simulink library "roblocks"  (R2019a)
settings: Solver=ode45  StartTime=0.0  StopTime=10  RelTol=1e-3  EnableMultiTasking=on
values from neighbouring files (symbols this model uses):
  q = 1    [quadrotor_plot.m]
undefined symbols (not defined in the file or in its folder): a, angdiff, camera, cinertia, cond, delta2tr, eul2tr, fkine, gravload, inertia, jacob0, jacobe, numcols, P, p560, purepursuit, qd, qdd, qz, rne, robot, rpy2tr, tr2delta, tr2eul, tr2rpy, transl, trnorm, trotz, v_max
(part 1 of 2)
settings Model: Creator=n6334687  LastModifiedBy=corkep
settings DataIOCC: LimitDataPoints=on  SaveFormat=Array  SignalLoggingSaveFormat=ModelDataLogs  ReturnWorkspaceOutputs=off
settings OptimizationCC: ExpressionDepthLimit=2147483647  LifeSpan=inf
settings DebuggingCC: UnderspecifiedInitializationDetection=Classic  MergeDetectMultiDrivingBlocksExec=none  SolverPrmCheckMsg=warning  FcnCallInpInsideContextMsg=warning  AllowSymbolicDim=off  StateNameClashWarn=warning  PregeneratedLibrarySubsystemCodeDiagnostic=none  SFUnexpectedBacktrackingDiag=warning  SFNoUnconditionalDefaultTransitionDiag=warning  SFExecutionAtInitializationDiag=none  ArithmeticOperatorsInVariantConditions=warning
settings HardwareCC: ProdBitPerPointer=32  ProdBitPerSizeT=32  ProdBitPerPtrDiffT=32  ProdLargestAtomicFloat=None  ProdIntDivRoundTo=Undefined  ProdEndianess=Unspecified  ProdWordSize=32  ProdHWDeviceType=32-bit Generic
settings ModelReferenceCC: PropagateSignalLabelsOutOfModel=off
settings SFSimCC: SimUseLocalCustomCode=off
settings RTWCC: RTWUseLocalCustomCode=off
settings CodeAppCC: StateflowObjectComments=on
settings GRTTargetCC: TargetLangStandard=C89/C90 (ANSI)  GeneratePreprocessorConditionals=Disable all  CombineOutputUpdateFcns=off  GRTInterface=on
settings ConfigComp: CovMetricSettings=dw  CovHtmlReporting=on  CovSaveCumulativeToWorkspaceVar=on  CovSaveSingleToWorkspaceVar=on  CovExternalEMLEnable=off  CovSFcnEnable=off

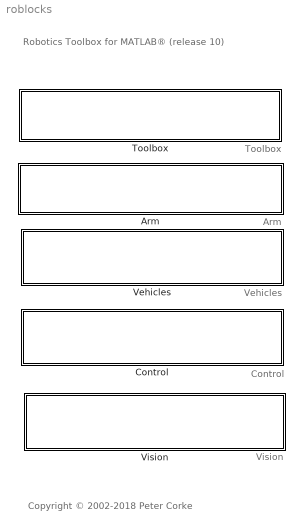
== system roblocks ==
  note: Vision
  note: Control
  note: Vehicles
  note: Arm
  note: Toolbox
  note: Robotics Toolbox for MATLAB®
      | (release 10)
  note: Copyright © 2002-2018 Peter Corke
  Arm : Subsystem
      mask Display: disp('Robot arms')
  Control : Subsystem
      mask Display: disp('Control')
  Toolbox : Subsystem
      mask Display: disp('Toolbox functions')
  Vehicles : Subsystem
      mask Display: disp('Vehicles: wheeled, flying')
  Vision : Subsystem
      mask Display: disp('Vision')

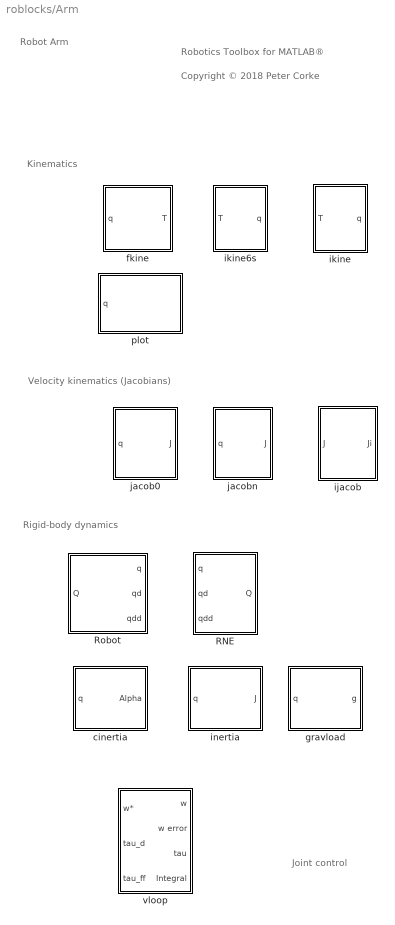
== system roblocks/Arm ==
  note: Robot
      | Arm
  note: Kinematics
  note: Velocity kinematics (Jacobians)
  note: Rigid-body dynamics
  note: Joint control
  note: Copyright © 2018 Peter Corke
  note: Robotics Toolbox for MATLAB®
  RNE : Subsystem  mask{robot=robot, grav=[0 0 9.81]}
      mask prompts: robot "Robot object"; grav "Gravity"
      mask help: Rigid-body inverse dynamics.
      mask init:
      | if isa(robot, 'SerialLink')
      |     n = robot.n
      |     rname = robot.name;
      | else
      |     n = 0;
      |     rname = '';
      | end
      mask Help:
      | Given a robot dynamic model and joint angle, rate and acceleration
      | determine the required joint torque.
      | 
      | <b>Parameters::</b>
      | 
      | robot (SerialLink) a dynamic model of an N-link serial link manipulator
      | gravity (1x3)  IGNORED Gravitational acceleration in world frame [m/s2]
      | 
      | <b>Inputs::</b>
      | 
      | q (1xN) joint coordinates
      | qd (1xN) joint coordinate velocity
      | qdd (1xN) joint coordinate acceleration
      | 
      | 
      | <b>Outputs::</b>
      | 
      | Q (1xN) the generalized joint force (torque or force) required to achieve
      | the motion state (q, qd, qdd).
      | 
      | <b>Notes::</b>
      | 
      | - Required for computed and inverse torque control schemes.
      | - The gravity parameter is ignored.
      | - Implemented using the recursive Newton-Euler scheme (RNE).
      | - A wrapper for the Toolbox method rne().
      mask Display:
      | port_label('output', 1, 'Q')
      | port_label('input', 1, 'q')
      | port_label('input', 2, 'qd')
      | port_label('input', 3, 'qdd')
      | text(0.9, 0.9,  rname, 'horizontalAlignment', 'right')
  Robot : Subsystem  mask{robot=robot, q0=[0 0 0 0 0 0]}
      mask prompts: robot "Robot object"; q0 "Initial state"
      mask help: Rigid-body dynamic model of robot.
      mask init:
      | if isa(robot, 'SerialLink')
      |     rname = robot.name;
      |     %fprintf('**robot name is %s\n', rname);
      | else
      |     rname = '';
      |     n = 0
      | end
      mask Help:
      | Simulates the forward (direct) rigid-body dynamics of the robot described
      | by the given robot object.  For given applied joint torque/force it computes
      | the instaneous joint coordinates, velocities and acclerations.
      | 
      | 
      | <b>Parameters::</b>
      | 
      | robot (SerialLink) a dynamic model of an N-link serial link manipulator
      | q0 (1xN)  Initial joint coordinates
      | 
      | <b>Inputs::</b>
      | 
      | Q (1xN) the generalized joint force (torque or force) required to achieve
      | the motion state (q, qd, qdd).
      | 
      | <b>Outputs::</b>
      | 
      | q (1xN) joint coordinates
      | qd (1xN) joint coordinate velocity
      | qdd (1xN) joint coordinate acceleration
      | 
      | 
      | <b>Notes::</b>
      | 
      | - Required to simulate robot rigid body motion.
      | - Implemented using the recursive Newton-Euler scheme (RNE).
      | - A wrapper for the Toolbox method accel() which in turn depends on the
      |   method rne().
      mask Display:
      | port_label('input', 1, 'Q')
      | port_label('output', 1, 'q')
      | port_label('output', 2, 'qd')
      | port_label('output', 3, 'qdd')
      | text(0.1, 0.9,  rname, 'horizontalAlignment', 'left')
  cinertia : Subsystem  mask{robot=0}
  fkine : Subsystem  mask{robot=robot}
      mask prompts: robot "Robot object"
      mask help: Robot forward kinematics.
      mask Help:
      | Compute homogeneous transform for robot end-effector given joint coordinates
      | 
      | 
      | <b>Parameters::</b>
      | 
      | Robot (SerialLink class)  The N-axis robot object for computing forward kinematics.
      | 
      | <b>Inputs::</b>
      | 
      | q (1xN) joint coordinates
      | 
      | <b>Outputs::</b>
      | 
      | T (4x4) the pose of the end effector as a homogeneous transformation
      | 
      | <b>Notes::</b>
      | 
      | - A wrapper for the Toolbox method fkine().
      mask Display:
      | port_label('input', 1, 'q')
      | port_label('output', 1, 'T')
      | if ~isempty(robot)
      |     text(0.5, 0.2, robot.name,  'horizontalAlignment', 'center')
      | end
  gravload : Subsystem  mask{robot=0}
  ijacob : Subsystem
      mask help: Inverse Jacobian
      mask Help:
      | Inverse of Jacobian matrix which maps spatial velocity to joint coordinate
      | rates.
      | 
      | 
      | <b>Inputs::</b>
      | 
      | J (6x6) the Jacobian matrix
      | 
      | <b>Outputs::</b>
      | 
      | Ji (6x6) the inverse Jacobian matrix
      | 
      | <b>Notes::</b>
      | 
      | - A wrapper for the MATLAB function inv().
      | - Only valid for square Jacobians (6-axis robots)
      mask Display:
      | text(0.4, 0.7, '\bf\fontsize{16}J', 'texmode', 'on', 'verticalAlignment', 'top', 'horizontalAlignment', 'left')
      | text(0.6, 0.65, '\fontsize{10}-1', 'texmode', 'on','verticalAlignment', 'bottom', 'horizontalAlignment', 'left')
      | port_label('input', 1, 'J');
      | port_label('output', 1, 'Ji')
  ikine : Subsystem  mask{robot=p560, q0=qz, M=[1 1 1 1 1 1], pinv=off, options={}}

• • • •

Look for the word "fontsize" throughout the material above and copy every line that has it.

      | text(0.4, 0.7, '\bf\fontsize{16}J', 'texmode', 'on', 'verticalAlignment', 'top', 'horizontalAlignment', 'left')
      | text(0.6, 0.65, '\fontsize{10}-1', 'texmode', 'on','verticalAlignment', 'bottom', 'horizontalAlignment', 'left')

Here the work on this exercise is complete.